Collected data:
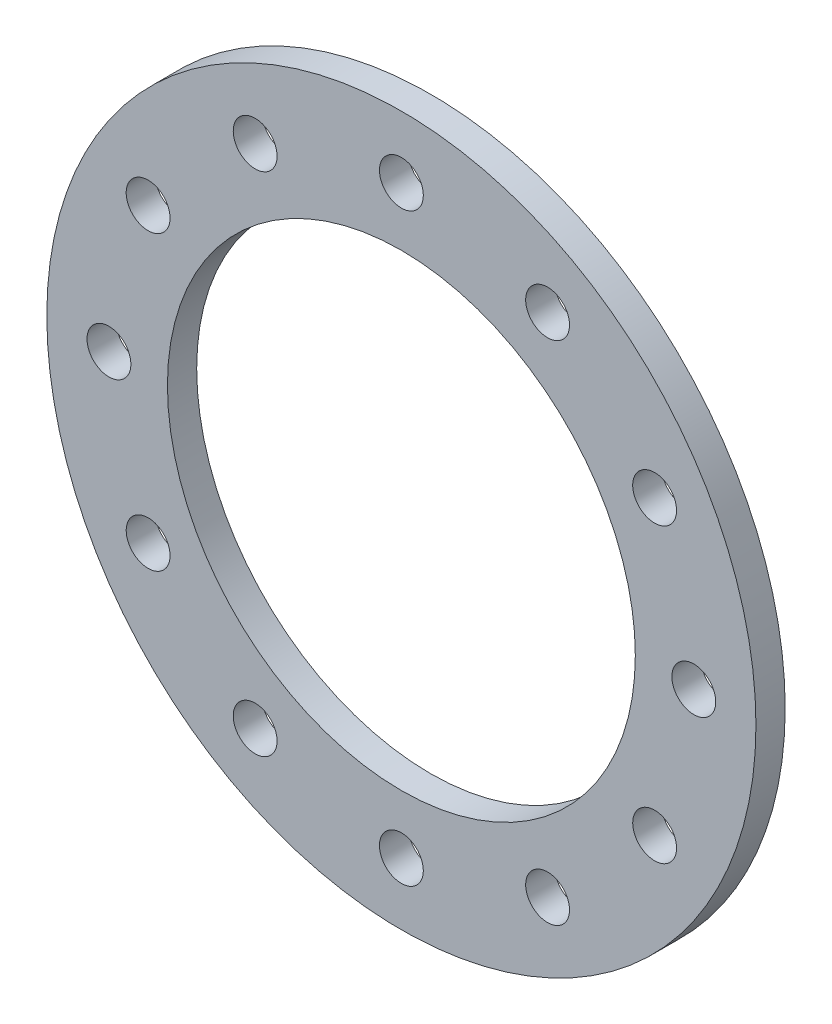
SolidWorks part; units mm, degrees
ref_plane "Спереди" through (0, 0, 0) normal (0, 0, 1) x (1, 0, 0)
ref_plane "Сверху" through (0, 0, 0) normal (0, 1, 0) x (1, 0, 0)
ref_plane "Справа" through (0, 0, 0) normal (1, 0, 0) x (0, 0, -1)
other "Configuration Table"
sketch "Эскиз1" plane through (0, 0, 0) normal (0, 0, 1) x (1, 0, 0)
  circle A0 centre (0, 0) radius 32
  circle A1 centre (0, 0) radius 48.5
  dimension "D1" = 97
  dimension "D2" = 64
extrude "Бобышка-Вытянуть1" add sketch "Эскиз1" along normal blind 4
sketch "Эскиз2" plane through (0, 0, 0) normal (0, 0, -1) x (-1, 0, 0)
  circle A0 centre (0, 40) radius 3
  dimension "D1" = 6
  dimension "D2" = 40
extrude "Вырез-Вытянуть1" cut sketch "Эскиз2" against normal blind 18.6
pattern_circular "Круговой массив1" count 12 over 360 about axis through (0, 0, 0) along (0, 0, 1) of "Вырез-Вытянуть1"
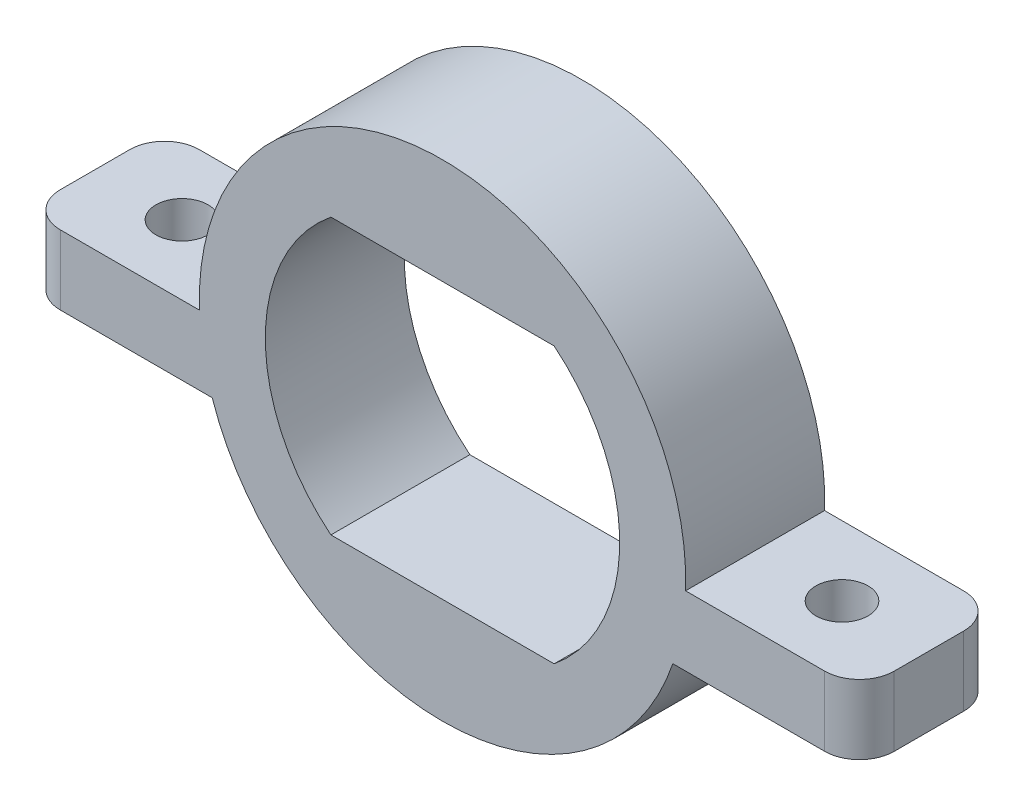
SolidWorks part; units mm, degrees
ref_plane "Alzado" through (0, 0, 0) normal (0, 0, 1) x (1, 0, 0)
ref_plane "Planta" through (0, 0, 0) normal (0, 1, 0) x (1, 0, 0)
ref_plane "Vista lateral" through (0, 0, 0) normal (1, 0, 0) x (0, 0, -1)
sketch "Croquis1" plane through (0, 0, 0) normal (0, 0, 1) x (1, 0, 0)
  line L0 (-12, 0) -> (-24, 0) construction
  line L1 (-24, 0) -> (-24, -0.5) construction
  line L2 (-24, -0.5) -> (-13.9911, -0.5)
  line L3 (-24, -0.5) -> (-24, -4.5)
  line L4 (-24, -4.5) -> (-13.2571, -4.5)
  line L5 (0, -10) -> (0, 10) construction
  line L6 (24, -4.5) -> (13.2571, -4.5)
  line L7 (24, -0.5) -> (24, -4.5)
  line L8 (24, -0.5) -> (13.9911, -0.5)
  line L9 (-24, -4.5) -> (-24, -12.5) construction
  line L10 (0, 0) -> (0, -17.5) construction
  circle A0 centre (0, 0) radius 10
  arc A1 (13.9911, -0.5) -> (-13.9911, -0.5) centre (0, 0) ccw
  arc A2 (-13.2571, -4.5) -> (13.2571, -4.5) centre (0, 0) ccw
  dimension "D1" = 20
  dimension "D2" = 0.5
  dimension "D5" = 4
  dimension "D6" = 24
  dimension "D4" = 4
  dimension "D3" = 4
extrude "Saliente-Extruir1" add sketch "Croquis1" along normal blind 8 contours A1 L2 L3 L4 A2 L6 L7 L8
sketch "Croquis2" plane through (0, 0, 8) normal (0, 0, 1) x (1, 0, 0)
  line L0 (-6.425, 7.9221) -> (6.425, 7.9221)
  line L1 (-6.425, -7.9221) -> (6.425, -7.9221)
  arc A0 (-6.425, 7.9221) -> (-6.425, -7.9221) centre (0, 0) ccw
  arc A1 (6.425, 7.9221) -> (6.425, -7.9221) centre (0, 0) cw
  dimension "D1" = 15.8442
  dimension "D2" = 10.2
  dimension "D3" = 7.9221
extrude "Cortar-Extruir1" cut sketch "Croquis2" against normal through all
sketch "Croquis3" plane through (0, -0.5, 0) normal (0, 1, 0) x (1, 0, 0)
  line L0 (24, 0) -> (13.9911, -8) construction
  line L1 (-13.9911, 0) -> (-24, -8) construction
  circle A0 centre (18.9955, -4) radius 1.5
  circle A1 centre (-18.9955, -4) radius 1.5
  dimension "D1" = 3
  dimension "D2" = 3
extrude "Cortar-Extruir2" cut sketch "Croquis3" against normal blind 5
fillet "Redondeo1" radius 2 4 edges at (24, -2.5, 8) (24, -2.5, 0) (-24, -2.5, 0) (-24, -2.5, 8)
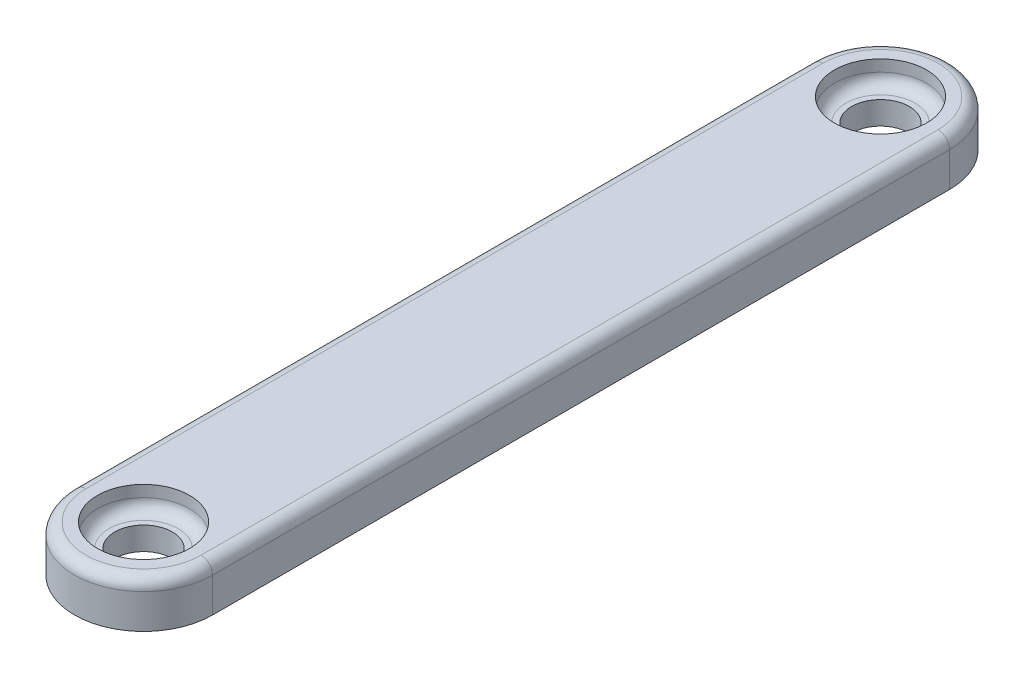
SolidWorks part; units mm, degrees
ref_plane "Front Plane" through (0, 0, 0) normal (0, 0, 1) x (1, 0, 0)
ref_plane "Top Plane" through (0, 0, 0) normal (0, 1, 0) x (1, 0, 0)
ref_plane "Right Plane" through (0, 0, 0) normal (1, 0, 0) x (0, 0, -1)
sketch "Sketch1" plane through (0, 0, 0) normal (0, 1, 0) x (1, 0, 0)
  line L0 (-3, -16) -> (-3, 16)
  line L1 (3, 16) -> (3, -16)
  arc A0 (-3, 16) -> (3, 16) centre (0, 16) cw
  arc A1 (3, -16) -> (-3, -16) centre (0, -16) cw
  circle A2 centre (0, 16) radius 1.25
  circle A3 centre (0, -16) radius 1.25
  point P8 (-3, 0)
  dimension "D1" = 3
  dimension "D3" = 2.5
  dimension "D2" = 32
extrude "Boss-Extrude1" add sketch "Sketch1" along normal blind 2
sketch "Sketch2" plane through (0, 2, 0) normal (0, 1, 0) x (1, 0, 0)
  line L0 (-1.1, 0) -> (1.1, 0) construction
  circle A0 centre (0, -16) radius 2
  circle A1 centre (0, 16) radius 2
  dimension "D1" = 4
extrude "Cut-Extrude1" cut sketch "Sketch2" against normal blind 1
fillet "Fillet1" radius 0.5 6 edges at (0, 2, 19) (-3, 2, 0) (0, 2, -19) (3, 2, 0) (0, 1, 18) (0, 1, -18)
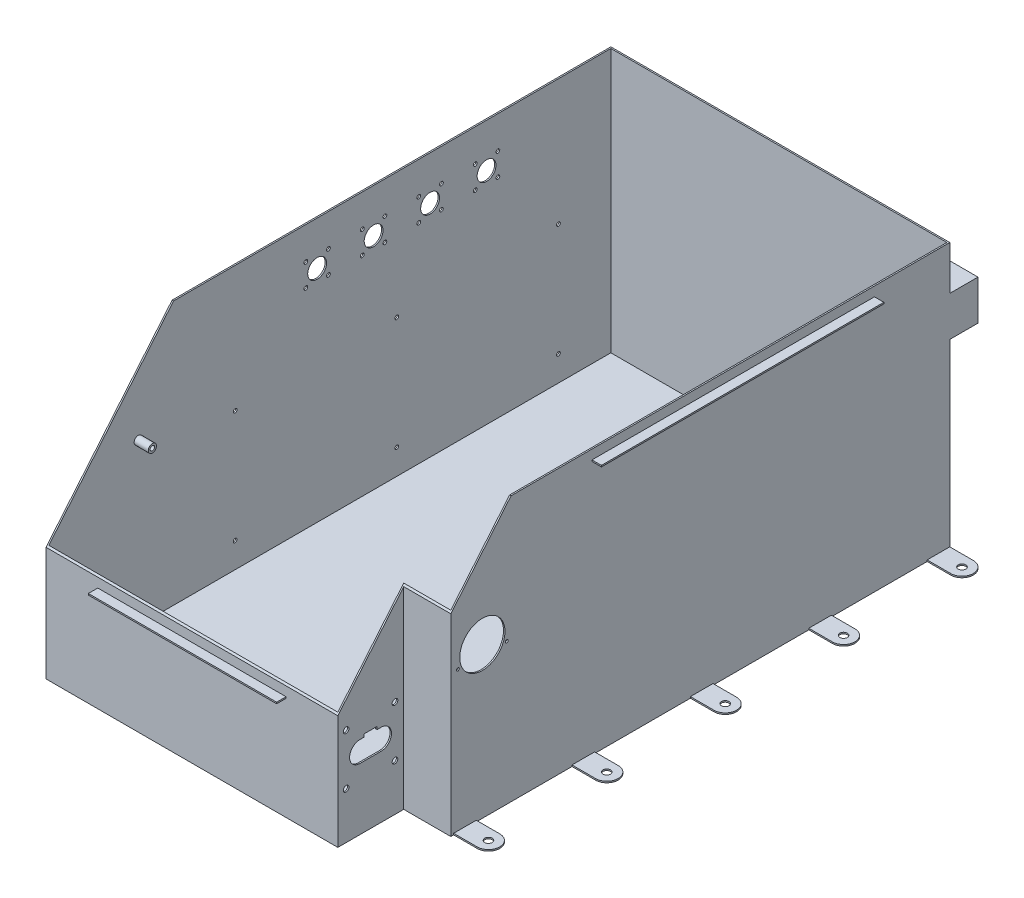
SolidWorks part; units mm, degrees
ref_plane "Front Plane" through (0, 0, 0) normal (0, 0, 1) x (1, 0, 0)
ref_plane "Top Plane" through (0, 0, 0) normal (0, 1, 0) x (1, 0, 0)
ref_plane "Right Plane" through (0, 0, 0) normal (1, 0, 0) x (0, 0, -1)
sketch "Sketch1" plane through (0, 0, 0) normal (0, 1, 0) x (1, 0, 0)
  line L1 (-180, 237.8263) -> (180, 237.8263)
  line L2 (-180, 237.8263) -> (-180, -362.1737)
  line L3 (-180, -362.1737) -> (130, -362.1737)
  line L4 (180, 237.8263) -> (180, -292.1737)
  line L6 (180, -292.1737) -> (130, -292.1737)
  line L7 (130, -292.1737) -> (130, -362.1737)
  line L8 (0, -55) -> (0, 55) construction
  point P1 (0, 237.8263)
  dimension "D1" = 600
  dimension "D2" = 360
  dimension "D5" = 70
  dimension "D6" = 50
extrude "Boss-Extrude1" add sketch "Sketch1" along normal blind 1.5
sketch "Sketch2" plane through (0, 1.5, 0) normal (0, 1, 0) x (1, 0, 0)
  line L60 (-178.5, 236.3263) -> (-178.5, -360.6737)
  line L61 (-178.5, -360.6737) -> (128.5, -360.6737)
  line L62 (128.5, -360.6737) -> (128.5, -290.6737)
  line L63 (128.5, -290.6737) -> (178.5, -290.6737)
  line L64 (178.5, -290.6737) -> (178.5, 236.3263)
  line L65 (178.5, 236.3263) -> (-178.5, 236.3263)
  line L66 (-180, 237.8263) -> (-180, -362.1737)
  line L67 (-180, -362.1737) -> (130, -362.1737)
  line L68 (130, -362.1737) -> (130, -292.1737)
  line L69 (130, -292.1737) -> (180, -292.1737)
  line L70 (180, -292.1737) -> (180, 237.8263)
  line L71 (180, 237.8263) -> (-180, 237.8263)
  line L72 (-180, 237.8263) -> (-180, -362.1737)
  line L73 (-180, -362.1737) -> (130, -362.1737)
  line L74 (130, -362.1737) -> (130, -292.1737)
  line L75 (130, -292.1737) -> (180, -292.1737)
  line L76 (180, -292.1737) -> (180, 237.8263)
  line L77 (180, 237.8263) -> (-180, 237.8263)
  dimension "D1" = 0
  dimension "D2" = 1.5
extrude "Boss-Extrude2" add sketch "Sketch2" along normal blind 280
sketch "Sketch3" plane through (-180, 0, 0) normal (-1, 0, 0) x (0, 0, 1)
  line L3 (362.1737, 281.5) -> (362.1737, 0) construction
  line L4 (362.1737, 121.1176) -> (228.1952, 281.5)
  line L6 (-237.8263, 281.5) -> (362.1737, 281.5) construction
  line L9 (362.1737, 281.5) -> (362.1737, 121.1176)
  line L10 (228.1952, 281.5) -> (362.1737, 281.5)
sketch "Sketch4" plane through (0, 0, -237.8263) normal (0, 0, -1) x (-1, 0, 0)
  line L0 (-180, 281.5) -> (-180, 0) construction
  line L1 (-180, 234.6761) -> (180, 234.6761)
  line L2 (-180, 234.6761) -> (-180, 192.2905)
  line L3 (-180, 192.2905) -> (180, 192.2905)
  line L4 (180, 234.6761) -> (180, 192.2905)
  line L5 (180, 281.5) -> (180, 0) construction
extrude "Boss-Extrude3" add sketch "Sketch4" along normal blind 30
extrude "Cut-Extrude1" cut sketch "Sketch3" against normal through all both and the other way through all
sketch "Sketch5" plane through (-180, 0, 0) normal (-1, 0, 0) x (0, 0, 1)
  line L0 (-116.3263, 223.1259) -> (-116.3263, 247.1259) construction
  line L5 (-116.3263, 223.1259) -> (-92.3263, 223.1259) construction
  line L6 (-116.3263, 247.1259) -> (-92.3263, 247.1259) construction
  line L7 (-92.3263, 223.1259) -> (-92.3263, 247.1259) construction
  line L8 (-116.3263, 223.1259) -> (-92.3263, 247.1259) construction
  line L9 (-116.3263, 247.1259) -> (-92.3263, 223.1259) construction
  line L10 (-56.3263, 223.1259) -> (-56.3263, 247.1259) construction
  line L11 (-56.3263, 223.1259) -> (-32.3263, 223.1259) construction
  line L12 (-56.3263, 247.1259) -> (-32.3263, 247.1259) construction
  line L13 (-32.3263, 223.1259) -> (-32.3263, 247.1259) construction
  line L14 (-56.3263, 223.1259) -> (-32.3263, 247.1259) construction
  line L15 (-56.3263, 247.1259) -> (-32.3263, 223.1259) construction
  line L16 (3.6737, 223.1259) -> (3.6737, 247.1259) construction
  line L17 (3.6737, 223.1259) -> (27.6737, 223.1259) construction
  line L18 (3.6737, 247.1259) -> (27.6737, 247.1259) construction
  line L19 (27.6737, 223.1259) -> (27.6737, 247.1259) construction
  line L20 (3.6737, 223.1259) -> (27.6737, 247.1259) construction
  line L21 (3.6737, 247.1259) -> (27.6737, 223.1259) construction
  line L22 (63.6737, 223.1259) -> (63.6737, 247.1259) construction
  line L23 (63.6737, 223.1259) -> (87.6737, 223.1259) construction
  line L24 (63.6737, 247.1259) -> (87.6737, 247.1259) construction
  line L25 (87.6737, 223.1259) -> (87.6737, 247.1259) construction
  line L26 (63.6737, 223.1259) -> (87.6737, 247.1259) construction
  line L27 (63.6737, 247.1259) -> (87.6737, 223.1259) construction
  line L28 (-236.3263, 281.5) -> (-236.3263, 1.5) construction
  circle A0 centre (-116.3263, 247.1259) radius 2
  circle A1 centre (-116.3263, 223.1259) radius 2
  circle A2 centre (-92.3263, 223.1259) radius 2
  circle A3 centre (-92.3263, 247.1259) radius 2
  circle A4 centre (-104.3263, 235.1259) radius 10
  circle A5 centre (-56.3263, 247.1259) radius 2
  circle A6 centre (-56.3263, 223.1259) radius 2
  circle A7 centre (-32.3263, 223.1259) radius 2
  circle A8 centre (-32.3263, 247.1259) radius 2
  circle A9 centre (-44.3263, 235.1259) radius 10
  circle A10 centre (3.6737, 247.1259) radius 2
  circle A11 centre (3.6737, 223.1259) radius 2
  circle A12 centre (27.6737, 223.1259) radius 2
  circle A13 centre (27.6737, 247.1259) radius 2
  circle A14 centre (15.6737, 235.1259) radius 10
  circle A15 centre (63.6737, 247.1259) radius 2
  circle A16 centre (63.6737, 223.1259) radius 2
  circle A17 centre (87.6737, 223.1259) radius 2
  circle A18 centre (87.6737, 247.1259) radius 2
  circle A19 centre (75.6737, 235.1259) radius 10
  point P9 (-104.3263, 235.1259)
  point P24 (-44.3263, 235.1259)
  point P38 (15.6737, 235.1259)
  point P52 (75.6737, 235.1259)
  dimension "D2" = 20
  dimension "D5" = 4
  dimension "D1" = 24
  dimension "D3" = 24
  dimension "D4" = 24
  dimension "D7" = 120
  dimension "D6" = 4
sketch "Sketch6" plane through (-178.5, 0, 0) normal (1, 0, 0) x (0, 0, -1)
  arc A0 (151.1392, 167.4539) -> (156.7272, 167.4539) centre (153.9332, 167.4539) ccw construction
  arc A1 (-68.8756, 167.4539) -> (-63.2876, 167.4539) centre (-66.0816, 167.4539) ccw construction
  arc A2 (-178.883, 167.4539) -> (-173.295, 167.4539) centre (-176.089, 167.4539) ccw construction
  arc A3 (151.1392, 167.4539) -> (156.7272, 167.4539) centre (153.9332, 167.4539) ccw
  arc A4 (-68.8756, 167.4539) -> (-63.2876, 167.4539) centre (-66.0816, 167.4539) ccw
  arc A5 (-178.883, 167.4539) -> (-173.295, 167.4539) centre (-176.089, 167.4539) ccw
  circle A6 centre (-176.089, 167.4539) radius 2.794
  circle A7 centre (-176.089, 167.4539) radius 4.5
  circle A8 centre (-64.4633, 167.4539) radius 4.5
  circle A9 centre (-64.4633, 167.4539) radius 2.794
  circle A10 centre (155.5515, 167.4539) radius 2.794
  circle A11 centre (155.5515, 167.4539) radius 4.5
  dimension "D1" = 9
extrude "Boss-Extrude4" [suppressed] add sketch "Sketch6" along normal blind 50 contours A4 A9 | A8 | A7 | A6 | A11 | A10
sketch "Sketch8" plane through (-178.5, 0, 0) normal (1, 0, 0) x (0, 0, -1)
  line L0 (236.3263, 1.5) -> (-360.6737, 1.5) construction
  line L1 (-360.6737, 122.9132) -> (-360.6737, 1.5) construction
  circle A0 centre (-265.6737, 172.2) radius 2.39
  circle A1 centre (-265.6737, 172.2) radius 4.39
  circle A2 centre (-265.6737, 16.5) radius 2.39
  circle A3 centre (-265.6737, 16.5) radius 4.39
  dimension "D3" = 4.78
  dimension "D4" = 2
  dimension "D1" = 155.7
  dimension "D2" = 15
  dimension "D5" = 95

* **DIRECTIONS**
From the entries above, give again exactly the lines running from the line with "line L9 (362.1737, 281.5)" to the line with "line L15 (-56.3263, 247.1259)"; include both of those lines.

* **RESULT OF THIS TASK**
  line L9 (362.1737, 281.5) -> (362.1737, 121.1176)
  line L10 (228.1952, 281.5) -> (362.1737, 281.5)
sketch "Sketch4" plane through (0, 0, -237.8263) normal (0, 0, -1) x (-1, 0, 0)
  line L0 (-180, 281.5) -> (-180, 0) construction
  line L1 (-180, 234.6761) -> (180, 234.6761)
  line L2 (-180, 234.6761) -> (-180, 192.2905)
  line L3 (-180, 192.2905) -> (180, 192.2905)
  line L4 (180, 234.6761) -> (180, 192.2905)
  line L5 (180, 281.5) -> (180, 0) construction
extrude "Boss-Extrude3" add sketch "Sketch4" along normal blind 30
extrude "Cut-Extrude1" cut sketch "Sketch3" against normal through all both and the other way through all
sketch "Sketch5" plane through (-180, 0, 0) normal (-1, 0, 0) x (0, 0, 1)
  line L0 (-116.3263, 223.1259) -> (-116.3263, 247.1259) construction
  line L5 (-116.3263, 223.1259) -> (-92.3263, 223.1259) construction
  line L6 (-116.3263, 247.1259) -> (-92.3263, 247.1259) construction
  line L7 (-92.3263, 223.1259) -> (-92.3263, 247.1259) construction
  line L8 (-116.3263, 223.1259) -> (-92.3263, 247.1259) construction
  line L9 (-116.3263, 247.1259) -> (-92.3263, 223.1259) construction
  line L10 (-56.3263, 223.1259) -> (-56.3263, 247.1259) construction
  line L11 (-56.3263, 223.1259) -> (-32.3263, 223.1259) construction
  line L12 (-56.3263, 247.1259) -> (-32.3263, 247.1259) construction
  line L13 (-32.3263, 223.1259) -> (-32.3263, 247.1259) construction
  line L14 (-56.3263, 223.1259) -> (-32.3263, 247.1259) construction
  line L15 (-56.3263, 247.1259) -> (-32.3263, 223.1259) construction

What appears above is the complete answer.